Hélène d'Enver was superintending the definite closing of her beautiful duplex apartments—the most beautiful in the great château-like, limestone building. And José Querida knew perfectly well what the rents were.
"Such a funny time to come to see me," she had said laughingly over the telephone; "I'm in a dreadful state with skirts pinned up and a motor-bonnet over my hair, but I will not permit my maids to touch the porcelains; and if you really wish to see me, come ahead."
He really wished to. Besides he adored her Ming porcelains and her Celedon, and the idea of any maid touching them almost gave him heart-failure. He himself possessed one piece of Ming and a broken fragment of Celedon. Women had been married for less.
She was very charming in her pinned-up skirts and her dainty head-gear, and she welcomed him and intrusted him with specimens which sent pleasant shivers down his flexible spine.
And, together, they put away many scores of specimens which were actually priceless, inasmuch as any rumour of a public sale would have excited amateurs to the verge of lunacy, and almost any psychopathic might have established a new record for madness at an auction of this matchless collection.
They breathed easier when the thrilling task was ended; but emotion still enchained them as they seated themselves at a tea-table—an emotion so deep on Hélène's part that she suffered Querida to retain the tips of her fingers for an appreciable moment when transferring sugar to his cup. And she listened, with a smile almost tremulous, to the fascinating music of his voice, charmingly attuned and modulated to a pitch which, somehow, seemed to harmonise with the very word, Celedon.

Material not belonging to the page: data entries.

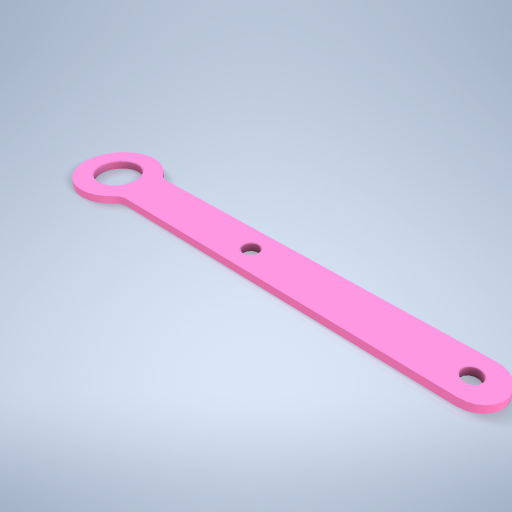
# Autodesk Inventor part: pleuel
Saved by Autodesk Inventor 2024.2 (Build 282272000, 272)
## iProperties
Created: 2024-04-18
Part Number: pleuel
Material: Edelstahl, 440C
Document SubType Name: Modeling
Designer: Fabri
Density: 7.75 g/cm^3
Appearance: Pink
Author: Fabri
Autodesk Inventor part; units mm, degrees
ref_plane "YZ Plane" through (0, 0, 0) normal (1, 0, 0) x (0, 1, 0)
ref_plane "XZ Plane" through (0, 0, 0) normal (0, 1, 0) x (-1, 0, 0)
ref_plane "XY Plane" through (0, 0, 0) normal (0, 0, 1) x (1, 0, 0)
sketch "Skizze1" plane through (0, 0, 0) normal (0, 0, 1) x (1, 0, 0)
  line L0 (0, 0) -> (38.7995, 0) construction
  arc A0 (4.6098, 3) -> (4.6098, -3) centre (0, 0) ccw
  circle A1 centre (0, 0) radius 3
  line L1 (4.6098, 3) -> (4.6098, -3)
  line L2 (4.6098, 3) -> (50, 3)
  line L3 (53, 0) -> (53, 0)
  line L4 (50, -3) -> (4.6098, -3)
  arc A2 (53, 0) -> (50, 3) centre (50, 0) ccw
  arc A3 (50, -3) -> (53, 0) centre (50, 0) ccw
  point P0 (53, 0)
  dimension "d1" = 6
  dimension "d4" = 6
  dimension "d5" = 5.5
  dimension "d6" = 3
  dimension "d7" = 50
  constraints: 10 end point, 6 point on circle, 4 centre point, 4 tangent, 2 coincident, 2 horizontal, 2 perpendicular, 1 concentric, 1 symmetric about line
  measures "d1" diameter of A1
  measures "d4" distance of L1.end L1.start
  measures "d5" radius of A0
  measures "d6" radius of A2
  measures "d7" distance of A3.centre L0.start
extrude "Extrusion1" add sketch "Skizze1" along normal blind 1
fillet "Rundung1" radius 2 2 edges at (4.6098, 3, 0.5) (4.6098, -3, 0.5)
sketch "Skizze3" plane through (0, 0, 0) normal (0, 0, -1) x (-1, 0, 0)
  point P0 (0, 0)
  point P1 (-49.5, 0)
  dimension "d26" = 49.5
  constraints: 1 horizontal alignment
  measures "d26" distance of point (0, 0) point (-49.5, 0)
hole "Bohrung2" at (49.5, 0, 0) direction (0, 0, 1) diameter 2.2 depth 1
sketch "Skizze2" plane through (0, 0, 1) normal (0, 0, 1) x (1, 0, 0)
  point P0 (0, 0)
  point P1 (23, 0)
  dimension "d18" = 23
  constraints: 1 horizontal alignment
  measures "d18" distance of point (23, 0) point (0, 0)
hole "Bohrung1" at (23, 0, 1) direction (0, 0, -1) diameter 2.2 depth 1
Autodesk Fusion 360 part; units mm, degrees
(part 11 of 11)
  spline S48 degree 5 poles (-71.9508, 42.1491) (-71.9808, 42.1663) (-72.0413, 42.1999) (-72.1332, 42.2481) (-72.2578, 42.3082) (-72.4164, 42.3774) (-72.5771, 42.4424) (-72.7391, 42.5049) (-72.9018, 42.5659) (-73.0649, 42.6261) (-73.2285, 42.6852) (-73.3927, 42.743) (-73.5577, 42.799) (-73.7236, 42.853) (-73.8904, 42.9049) (-74.0581, 42.955) (-74.2265, 43.0033) (-74.3955, 43.0504) (-74.565, 43.0962) (-74.7349, 43.1409) (-74.9053, 43.1845) (-75.0761, 43.2269) (-75.2475, 43.268) (-75.4193, 43.3078) (-75.5917, 43.3463) (-75.7646, 43.3837) (-75.9378, 43.4198) (-76.1116, 43.4548) (-76.2856, 43.4888) (-76.4601, 43.5217) (-76.635, 43.5536) (-76.8102, 43.5844) (-76.9858, 43.6142) (-77.1617, 43.643) (-77.338, 43.6707) (-77.5146, 43.6974) (-77.6916, 43.7231) (-77.8689, 43.7478) (-78.0465, 43.7716) (-78.2244, 43.7945) (-78.4026, 43.8163) (-78.5811, 43.8373) (-78.7599, 43.8573) (-78.939, 43.8764) (-79.1183, 43.8946) (-79.2979, 43.9119) (-79.4778, 43.9283) (-79.658, 43.9438) (-79.8383, 43.9584) (-80.019, 43.9722) (-80.1998, 43.985) (-80.381, 43.9971) (-80.5623, 44.0083) (-80.7439, 44.0186) (-80.9257, 44.0281) (-81.1077, 44.0367) (-81.2899, 44.0445) (-81.4723, 44.0515) (-81.6549, 44.0577) (-81.8378, 44.0631) (-82.0208, 44.0677) (-82.204, 44.0714) (-82.3874, 44.0744) (-82.571, 44.0765) (-82.7548, 44.0779) (-82.9387, 44.0785) (-83.1228, 44.0783) (-83.3071, 44.0773) (-83.4916, 44.0756) (-83.6762, 44.0731) (-83.861, 44.0698) (-84.0089, 44.0665) (-84.1199, 44.0638) (-84.194, 44.0618) (-84.231, 44.0607) knots 0 0 0 0 0 0 0.01428571 0.02857143 0.04285714 0.05714286 0.07142857 0.08571429 0.1 0.11428571 0.12857143 0.14285714 0.15714286 0.17142857 0.18571429 0.2 0.21428571 0.22857143 0.24285714 0.25714286 0.27142857 0.28571429 0.3 0.31428571 0.32857143 0.34285714 0.35714286 0.37142857 0.38571429 0.4 0.41428571 0.42857143 0.44285714 0.45714286 0.47142857 0.48571429 0.5 0.51428571 0.52857143 0.54285714 0.55714286 0.57142857 0.58571429 0.6 0.61428571 0.62857143 0.64285714 0.65714286 0.67142857 0.68571429 0.7 0.71428571 0.72857143 0.74285714 0.75714286 0.77142857 0.78571429 0.8 0.81428571 0.82857143 0.84285714 0.85714286 0.87142857 0.88571429 0.9 0.91428571 0.92857143 0.94285714 0.95714286 0.97142857 0.98571429 1 1 1 1 1 1
  arc A102 (-84.231, 44.0607) -> (-86.2449, 39.8789) centre (0.5538, 0.6546) ccw
  spline S49 degree 5 poles (-77.0937, 31.4697) (-77.1259, 31.4825) (-77.1899, 31.5088) (-77.2849, 31.5505) (-77.4095, 31.6105) (-77.5625, 31.6914) (-77.7135, 31.7765) (-77.8634, 31.8642) (-78.0125, 31.9533) (-78.1613, 32.0433) (-78.3095, 32.1344) (-78.4571, 32.2267) (-78.6037, 32.3207) (-78.7494, 32.4168) (-78.894, 32.5149) (-79.0377, 32.6148) (-79.1805, 32.7163) (-79.3226, 32.8191) (-79.4641, 32.923) (-79.605, 33.028) (-79.7453, 33.134) (-79.885, 33.2412) (-80.024, 33.3495) (-80.1623, 33.4591) (-80.2999, 33.5698) (-80.4368, 33.6817) (-80.5731, 33.7946) (-80.7088, 33.9086) (-80.8439, 34.0235) (-80.9784, 34.1394) (-81.1124, 34.2562) (-81.2457, 34.374) (-81.3785, 34.4927) (-81.5106, 34.6123) (-81.6422, 34.7329) (-81.7732, 34.8543) (-81.9037, 34.9766) (-82.0336, 35.0998) (-82.1629, 35.2239) (-82.2917, 35.3487) (-82.4199, 35.4744) (-82.5476, 35.6009) (-82.6747, 35.7282) (-82.8013, 35.8563) (-82.9273, 35.9852) (-83.0528, 36.1148) (-83.1778, 36.2452) (-83.3022, 36.3764) (-83.4261, 36.5083) (-83.5495, 36.641) (-83.6723, 36.7743) (-83.7947, 36.9084) (-83.9165, 37.0433) (-84.0377, 37.1788) (-84.1585, 37.315) (-84.2787, 37.4519) (-84.3985, 37.5895) (-84.5177, 37.7277) (-84.6364, 37.8667) (-84.7546, 38.0063) (-84.8723, 38.1465) (-84.9894, 38.2874) (-85.1061, 38.429) (-85.2222, 38.5712) (-85.3379, 38.714) (-85.453, 38.8574) (-85.5677, 39.0015) (-85.6818, 39.1462) (-85.7955, 39.2915) (-85.9086, 39.4374) (-86.0212, 39.5839) (-86.111, 39.7016) (-86.178, 39.7901) (-86.2226, 39.8493) (-86.2449, 39.8789) knots 0 0 0 0 0 0 0.01428571 0.02857143 0.04285714 0.05714286 0.07142857 0.08571429 0.1 0.11428571 0.12857143 0.14285714 0.15714286 0.17142857 0.18571429 0.2 0.21428571 0.22857143 0.24285714 0.25714286 0.27142857 0.28571429 0.3 0.31428571 0.32857143 0.34285714 0.35714286 0.37142857 0.38571429 0.4 0.41428571 0.42857143 0.44285714 0.45714286 0.47142857 0.48571429 0.5 0.51428571 0.52857143 0.54285714 0.55714286 0.57142857 0.58571429 0.6 0.61428571 0.62857143 0.64285714 0.65714286 0.67142857 0.68571429 0.7 0.71428571 0.72857143 0.74285714 0.75714286 0.77142857 0.78571429 0.8 0.81428571 0.82857143 0.84285714 0.85714286 0.87142857 0.88571429 0.9 0.91428571 0.92857143 0.94285714 0.95714286 0.97142857 0.98571429 1 1 1 1 1 1
  line L49 (-77.0937, 31.4697) -> (-75.7049, 30.9183)
  arc A103 (-75.2572, 29.8949) -> (-75.7049, 30.9183) centre (-75.9978, 30.1805) ccw
  arc A104 (-75.2572, 29.8949) -> (-76.9486, 25.0611) centre (0.5538, 0.6546) ccw
  arc A105 (-77.9367, 24.5401) -> (-76.9486, 25.0611) centre (-77.7057, 25.2995) ccw
  line L50 (-77.9367, 24.5401) -> (-79.3663, 24.9749)
  spline S50 degree 5 poles (-79.3663, 24.9749) (-79.3995, 24.985) (-79.4659, 25.0043) (-79.5662, 25.0309) (-79.701, 25.0617) (-79.8711, 25.0939) (-80.0422, 25.1215) (-80.214, 25.1464) (-80.3862, 25.1697) (-80.5586, 25.192) (-80.7313, 25.2133) (-80.9042, 25.2331) (-81.0775, 25.251) (-81.2513, 25.2667) (-81.4255, 25.2802) (-81.6002, 25.2917) (-81.7751, 25.3014) (-81.9503, 25.3096) (-82.1257, 25.3166) (-82.3013, 25.3224) (-82.4771, 25.3269) (-82.6531, 25.3302) (-82.8293, 25.3322) (-83.0058, 25.3328) (-83.1824, 25.332) (-83.3592, 25.3299) (-83.5362, 25.3266) (-83.7133, 25.3221) (-83.8906, 25.3165) (-84.068, 25.3097) (-84.2456, 25.3019) (-84.4233, 25.293) (-84.6011, 25.283) (-84.779, 25.2718) (-84.9571, 25.2596) (-85.1352, 25.2464) (-85.3135, 25.232) (-85.4918, 25.2167) (-85.6703, 25.2004) (-85.8488, 25.183) (-86.0274, 25.1647) (-86.2061, 25.1454) (-86.3849, 25.1252) (-86.5637, 25.1039) (-86.7426, 25.0818) (-86.9215, 25.0586) (-87.1006, 25.0346) (-87.2796, 25.0096) (-87.4587, 24.9837) (-87.6379, 24.957) (-87.8171, 24.9293) (-87.9964, 24.9007) (-88.1756, 24.8712) (-88.3549, 24.8409) (-88.5343, 24.8097) (-88.7137, 24.7777) (-88.893, 24.7447) (-89.0725, 24.711) (-89.2519, 24.6763) (-89.4313, 24.6409) (-89.6108, 24.6046) (-89.7902, 24.5675) (-89.9697, 24.5296) (-90.1492, 24.4908) (-90.3286, 24.4513) (-90.5081, 24.4109) (-90.6876, 24.3697) (-90.867, 24.3278) (-91.0464, 24.2851) (-91.2259, 24.2415) (-91.4053, 24.1972) (-91.5488, 24.1611) (-91.6564, 24.1337) (-91.7282, 24.1153) (-91.7641, 24.1061) knots 0 0 0 0 0 0 0.01428571 0.02857143 0.04285714 0.05714286 0.07142857 0.08571429 0.1 0.11428571 0.12857143 0.14285714 0.15714286 0.17142857 0.18571429 0.2 0.21428571 0.22857143 0.24285714 0.25714286 0.27142857 0.28571429 0.3 0.31428571 0.32857143 0.34285714 0.35714286 0.37142857 0.38571429 0.4 0.41428571 0.42857143 0.44285714 0.45714286 0.47142857 0.48571429 0.5 0.51428571 0.52857143 0.54285714 0.55714286 0.57142857 0.58571429 0.6 0.61428571 0.62857143 0.64285714 0.65714286 0.67142857 0.68571429 0.7 0.71428571 0.72857143 0.74285714 0.75714286 0.77142857 0.78571429 0.8 0.81428571 0.82857143 0.84285714 0.85714286 0.87142857 0.88571429 0.9 0.91428571 0.92857143 0.94285714 0.95714286 0.97142857 0.98571429 1 1 1 1 1 1
  arc A106 (-91.7641, 24.1061) -> (-92.7969, 19.5809) centre (0.5538, 0.6546) ccw
  spline S51 degree 5 poles (-82.0039, 13.4189) (-82.0381, 13.4242) (-82.1064, 13.4356) (-82.2083, 13.4551) (-82.3431, 13.4859) (-82.5103, 13.5307) (-82.6765, 13.5801) (-82.8421, 13.6322) (-83.0073, 13.6859) (-83.1724, 13.7406) (-83.3371, 13.7963) (-83.5015, 13.8535) (-83.6655, 13.9126) (-83.8288, 13.9738) (-83.9917, 14.0373) (-84.154, 14.1027) (-84.3158, 14.1699) (-84.4772, 14.2385) (-84.6383, 14.3083) (-84.799, 14.3793) (-84.9594, 14.4515) (-85.1194, 14.5248) (-85.279, 14.5995) (-85.4382, 14.6756) (-85.597, 14.7529) (-85.7554, 14.8315) (-85.9134, 14.9113) (-86.0711, 14.9922) (-86.2284, 15.0742) (-86.3853, 15.1572) (-86.5419, 15.2413) (-86.6981, 15.3264) (-86.8539, 15.4126) (-87.0094, 15.4998) (-87.1645, 15.5881) (-87.3193, 15.6774) (-87.4737, 15.7676) (-87.6277, 15.8588) (-87.7814, 15.9509) (-87.9347, 16.044) (-88.0877, 16.138) (-88.2403, 16.2329) (-88.3926, 16.3287) (-88.5445, 16.4255) (-88.6961, 16.5231) (-88.8473, 16.6215) (-88.9981, 16.7209) (-89.1486, 16.8211) (-89.2988, 16.9221) (-89.4486, 17.024) (-89.598, 17.1267) (-89.7471, 17.2302) (-89.8958, 17.3345) (-90.0442, 17.4396) (-90.1923, 17.5456) (-90.34, 17.6523) (-90.4873, 17.7598) (-90.6343, 17.868) (-90.7809, 17.9771) (-90.9272, 18.0869) (-91.0732, 18.1974) (-91.2188, 18.3087) (-91.364, 18.4208) (-91.5089, 18.5335) (-91.6534, 18.647) (-91.7976, 18.7613) (-91.9414, 18.8762) (-92.0849, 18.9919) (-92.228, 19.1082) (-92.3708, 19.2253) (-92.5132, 19.3431) (-92.6269, 19.4379) (-92.7119, 19.5092) (-92.7686, 19.557) (-92.7969, 19.5809) knots 0 0 0 0 0 0 0.01428571 0.02857143 0.04285714 0.05714286 0.07142857 0.08571429 0.1 0.11428571 0.12857143 0.14285714 0.15714286 0.17142857 0.18571429 0.2 0.21428571 0.22857143 0.24285714 0.25714286 0.27142857 0.28571429 0.3 0.31428571 0.32857143 0.34285714 0.35714286 0.37142857 0.38571429 0.4 0.41428571 0.42857143 0.44285714 0.45714286 0.47142857 0.48571429 0.5 0.51428571 0.52857143 0.54285714 0.55714286 0.57142857 0.58571429 0.6 0.61428571 0.62857143 0.64285714 0.65714286 0.67142857 0.68571429 0.7 0.71428571 0.72857143 0.74285714 0.75714286 0.77142857 0.78571429 0.8 0.81428571 0.82857143 0.84285714 0.85714286 0.87142857 0.88571429 0.9 0.91428571 0.92857143 0.94285714 0.95714286 0.97142857 0.98571429 1 1 1 1 1 1
  line L51 (-82.0039, 13.4189) -> (-80.5272, 13.1903)
  arc A107 (-79.8631, 12.2922) -> (-80.5272, 13.1903) centre (-80.6486, 12.4059) ccw
  arc A108 (-79.8631, 12.2922) -> (-80.4364, 7.2033) centre (0.5538, 0.6546) ccw
  arc A109 (-81.2838, 6.4755) -> (-80.4364, 7.2033) centre (-81.2276, 7.2672) ccw
  line L52 (-81.2838, 6.4755) -> (-82.7743, 6.5813)
  spline S52 degree 5 poles (-82.7743, 6.5813) (-82.8089, 6.5837) (-82.878, 6.5878) (-82.9816, 6.5914) (-83.1199, 6.5914) (-83.2929, 6.5849) (-83.4659, 6.5738) (-83.6389, 6.5598) (-83.812, 6.5442) (-83.9851, 6.5276) (-84.1581, 6.5099) (-84.3311, 6.4908) (-84.5041, 6.4697) (-84.677, 6.4463) (-84.8498, 6.4207) (-85.0226, 6.393) (-85.1954, 6.3635) (-85.368, 6.3326) (-85.5406, 6.3003) (-85.7131, 6.2669) (-85.8855, 6.2322) (-86.0578, 6.1963) (-86.23, 6.159) (-86.4021, 6.1203) (-86.5742, 6.0802) (-86.7461, 6.0388) (-86.9179, 5.9962) (-87.0896, 5.9524) (-87.2612, 5.9075) (-87.4327, 5.8615) (-87.604, 5.8143) (-87.7753, 5.7661) (-87.9464, 5.7167) (-88.1174, 5.6663) (-88.2882, 5.6148) (-88.459, 5.5622) (-88.6296, 5.5086) (-88.8001, 5.4539) (-88.9704, 5.3983) (-89.1406, 5.3417) (-89.3106, 5.2841) (-89.4806, 5.2255) (-89.6503, 5.166) (-89.8199, 5.1055) (-89.9894, 5.044) (-90.1588, 4.9817) (-90.3279, 4.9184) (-90.4969, 4.8542) (-90.6658, 4.7891) (-90.8345, 4.7231) (-91.0031, 4.6563) (-91.1715, 4.5885) (-91.3397, 4.5199) (-91.5078, 4.4504) (-91.6757, 4.3801) (-91.8434, 4.3089) (-92.011, 4.2369) (-92.1784, 4.1641) (-92.3456, 4.0904) (-92.5127, 4.0159) (-92.6795, 3.9406) (-92.8462, 3.8645) (-93.0128, 3.7876) (-93.1791, 3.7099) (-93.3453, 3.6314) (-93.5113, 3.5521) (-93.6771, 3.472) (-93.8427, 3.3912) (-94.0081, 3.3096) (-94.1733, 3.2272) (-94.3384, 3.1441) (-94.4703, 3.077) (-94.5691, 3.0263) (-94.635, 2.9924) (-94.6679, 2.9754) knots 0 0 0 0 0 0 0.01428571 0.02857143 0.04285714 0.05714286 0.07142857 0.08571429 0.1 0.11428571 0.12857143 0.14285714 0.15714286 0.17142857 0.18571429 0.2 0.21428571 0.22857143 0.24285714 0.25714286 0.27142857 0.28571429 0.3 0.31428571 0.32857143 0.34285714 0.35714286 0.37142857 0.38571429 0.4 0.41428571 0.42857143 0.44285714 0.45714286 0.47142857 0.48571429 0.5 0.51428571 0.52857143 0.54285714 0.55714286 0.57142857 0.58571429 0.6 0.61428571 0.62857143 0.64285714 0.65714286 0.67142857 0.68571429 0.7 0.71428571 0.72857143 0.74285714 0.75714286 0.77142857 0.78571429 0.8 0.81428571 0.82857143 0.84285714 0.85714286 0.87142857 0.88571429 0.9 0.91428571 0.92857143 0.94285714 0.95714286 0.97142857 0.98571429 1 1 1 1 1 1
  arc A110 (-94.6679, 2.9754) -> (-94.6679, -1.6661) centre (0.5538, 0.6546) ccw
  spline S53 degree 5 poles (-82.7743, -5.272) (-82.8089, -5.2744) (-82.878, -5.2785) (-82.9816, -5.2821) (-83.1199, -5.2821) (-83.2929, -5.2756) (-83.4659, -5.2645) (-83.6389, -5.2505) (-83.812, -5.2349) (-83.9851, -5.2183) (-84.1581, -5.2006) (-84.3311, -5.1815) (-84.5041, -5.1604) (-84.677, -5.137) (-84.8498, -5.1114) (-85.0226, -5.0837) (-85.1954, -5.0542) (-85.368, -5.0233) (-85.5406, -4.991) (-85.7131, -4.9576) (-85.8855, -4.9229) (-86.0578, -4.887) (-86.23, -4.8497) (-86.4021, -4.811) (-86.5742, -4.7709) (-86.7461, -4.7296) (-86.9179, -4.6869) (-87.0896, -4.6431) (-87.2612, -4.5982) (-87.4327, -4.5522) (-87.604, -4.505) (-87.7753, -4.4568) (-87.9464, -4.4075) (-88.1174, -4.357) (-88.2882, -4.3055) (-88.459, -4.2529) (-88.6296, -4.1993) (-88.8001, -4.1446) (-88.9704, -4.089) (-89.1406, -4.0324) (-89.3106, -3.9748) (-89.4806, -3.9162) (-89.6503, -3.8567) (-89.8199, -3.7962) (-89.9894, -3.7348) (-90.1588, -3.6724) (-90.3279, -3.6091) (-90.4969, -3.5449) (-90.6658, -3.4798) (-90.8345, -3.4139) (-91.0031, -3.347) (-91.1715, -3.2793) (-91.3397, -3.2106) (-91.5078, -3.1412) (-91.6757, -3.0708) (-91.8434, -2.9997) (-92.011, -2.9277) (-92.1784, -2.8548) (-92.3456, -2.7811) (-92.5127, -2.7067) (-92.6795, -2.6313) (-92.8462, -2.5552) (-93.0128, -2.4783) (-93.1791, -2.4006) (-93.3453, -2.3221) (-93.5113, -2.2428) (-93.6771, -2.1628) (-93.8427, -2.0819) (-94.0081, -2.0003) (-94.1733, -1.918) (-94.3384, -1.8348) (-94.4703, -1.7677) (-94.5691, -1.7171) (-94.635, -1.6831) (-94.6679, -1.6661) knots 0 0 0 0 0 0 0.01428571 0.02857143 0.04285714 0.05714286 0.07142857 0.08571429 0.1 0.11428571 0.12857143 0.14285714 0.15714286 0.17142857 0.18571429 0.2 0.21428571 0.22857143 0.24285714 0.25714286 0.27142857 0.28571429 0.3 0.31428571 0.32857143 0.34285714 0.35714286 0.37142857 0.38571429 0.4 0.41428571 0.42857143 0.44285714 0.45714286 0.47142857 0.48571429 0.5 0.51428571 0.52857143 0.54285714 0.55714286 0.57142857 0.58571429 0.6 0.61428571 0.62857143 0.64285714 0.65714286 0.67142857 0.68571429 0.7 0.71428571 0.72857143 0.74285714 0.75714286 0.77142857 0.78571429 0.8 0.81428571 0.82857143 0.84285714 0.85714286 0.87142857 0.88571429 0.9 0.91428571 0.92857143 0.94285714 0.95714286 0.97142857 0.98571429 1 1 1 1 1 1
  line L53 (-82.7743, -5.272) -> (-81.2838, -5.1662)
  arc A111 (-80.4364, -5.894) -> (-81.2838, -5.1662) centre (-81.2276, -5.958) ccw
  arc A112 (-80.4364, -5.894) -> (-79.8631, -10.983) centre (0.5538, 0.6546) ccw
  arc A113 (-80.5272, -11.8811) -> (-79.8631, -10.983) centre (-80.6486, -11.0966) ccw
  line L54 (-80.5272, -11.8811) -> (-82.0039, -12.1096)
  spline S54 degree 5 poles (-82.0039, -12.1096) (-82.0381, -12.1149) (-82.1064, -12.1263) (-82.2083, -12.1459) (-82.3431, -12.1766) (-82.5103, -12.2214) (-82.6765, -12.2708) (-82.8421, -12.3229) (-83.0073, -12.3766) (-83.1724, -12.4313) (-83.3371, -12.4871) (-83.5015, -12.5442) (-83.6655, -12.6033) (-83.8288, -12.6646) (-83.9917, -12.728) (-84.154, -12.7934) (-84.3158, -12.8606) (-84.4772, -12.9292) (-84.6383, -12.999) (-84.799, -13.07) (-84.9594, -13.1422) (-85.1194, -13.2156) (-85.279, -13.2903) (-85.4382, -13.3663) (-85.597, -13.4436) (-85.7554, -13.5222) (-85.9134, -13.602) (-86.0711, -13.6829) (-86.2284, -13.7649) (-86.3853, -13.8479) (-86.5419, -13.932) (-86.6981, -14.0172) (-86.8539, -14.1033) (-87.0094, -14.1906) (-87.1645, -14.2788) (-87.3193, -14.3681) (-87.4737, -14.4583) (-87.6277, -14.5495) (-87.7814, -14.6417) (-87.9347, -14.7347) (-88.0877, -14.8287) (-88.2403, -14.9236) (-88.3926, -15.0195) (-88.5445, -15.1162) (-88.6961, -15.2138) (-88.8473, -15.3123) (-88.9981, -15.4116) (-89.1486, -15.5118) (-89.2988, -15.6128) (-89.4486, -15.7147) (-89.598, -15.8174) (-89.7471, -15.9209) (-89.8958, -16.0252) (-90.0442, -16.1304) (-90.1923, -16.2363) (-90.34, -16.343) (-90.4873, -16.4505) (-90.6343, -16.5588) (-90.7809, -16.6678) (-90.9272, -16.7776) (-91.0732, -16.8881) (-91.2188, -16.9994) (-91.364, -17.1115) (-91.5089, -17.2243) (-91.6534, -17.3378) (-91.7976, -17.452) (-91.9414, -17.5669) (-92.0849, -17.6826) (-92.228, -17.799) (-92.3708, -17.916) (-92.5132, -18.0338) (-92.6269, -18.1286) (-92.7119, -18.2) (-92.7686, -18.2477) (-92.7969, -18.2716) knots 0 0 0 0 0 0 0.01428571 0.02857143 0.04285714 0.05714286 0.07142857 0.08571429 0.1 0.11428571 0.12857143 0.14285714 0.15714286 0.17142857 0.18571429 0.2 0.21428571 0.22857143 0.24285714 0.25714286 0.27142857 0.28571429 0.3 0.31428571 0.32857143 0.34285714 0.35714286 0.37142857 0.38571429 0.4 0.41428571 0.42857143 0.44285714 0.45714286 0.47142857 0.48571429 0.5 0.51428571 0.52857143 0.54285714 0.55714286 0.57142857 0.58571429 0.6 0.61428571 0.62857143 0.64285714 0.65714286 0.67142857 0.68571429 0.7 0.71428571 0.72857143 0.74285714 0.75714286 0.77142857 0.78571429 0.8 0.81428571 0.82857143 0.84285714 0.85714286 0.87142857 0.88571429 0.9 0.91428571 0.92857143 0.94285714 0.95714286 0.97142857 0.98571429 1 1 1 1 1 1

"I am so surprised," she said softly—but his dark eyes noted that she was still busy with her tea paraphernalia—"I scarcely know what to think, Mr. Querida—"
"Think that I love you—" breathed Querida, his dark and beautiful head very near to her blond one.
"I—am—thinking of it…. But—"
"Hélène," he whispered musically;—and suddenly stiffened in his chair as the maid came clattering in over the rugless and polished parquet to announce Mr. Ogilvy, followed san façon by that young man, swinging a straw hat and a malacca stick.
"Sam!" said the pretty Countess, changing countenance.
"Hello, Hélène! How-do, Querida! I heard you were temporarily in town, dear lady—" He kissed a hand that was as faltering and guilty as the irresolute eyes she lifted to his.
Ten minutes later Querida took his leave. He dismissed the expensive taxi which had been devouring time outside, and walked thoughtfully away down the fashionable street.
Because the machinery had chanced to clog twice did not disturb his theory; but the trouble with him was local; he was intensely and personally annoyed, nervous, irritated unspeakably. Because, except for Valerie, these two, Alma Hind-Willet and Hélène d'Enver, were the only two socially and financially suitable women in whom he took the slightest physical interest.
There is, in all women, one moment—sometimes repeated—in which a sudden yielding to caprice sometimes overturns the logical plans laid out and inexorably followed for half a lifetime. And there was much of the feminine about Querida.
And it chanced to happen on this day—when no doubt all unsuspected and unperceived some lurking jettatura had given him the evil eye—that he passed by hazard through the block where Valerie lived, and saw her mounting the steps.
"Why, José!" she exclaimed, a trifle confused in her smiling cordiality as he sprang up the steps behind her—for Rita's bitterness, if it had not aroused in her suspicions, had troubled her in spite of her declaration of unbelief.
He asked for a cup of tea, and she invited him. Rita was in the room when they entered; and she stood up coolly, coolly returned Querida's steady glance and salutation with a glance as calm, as detached, and as intelligent as a surgeon's.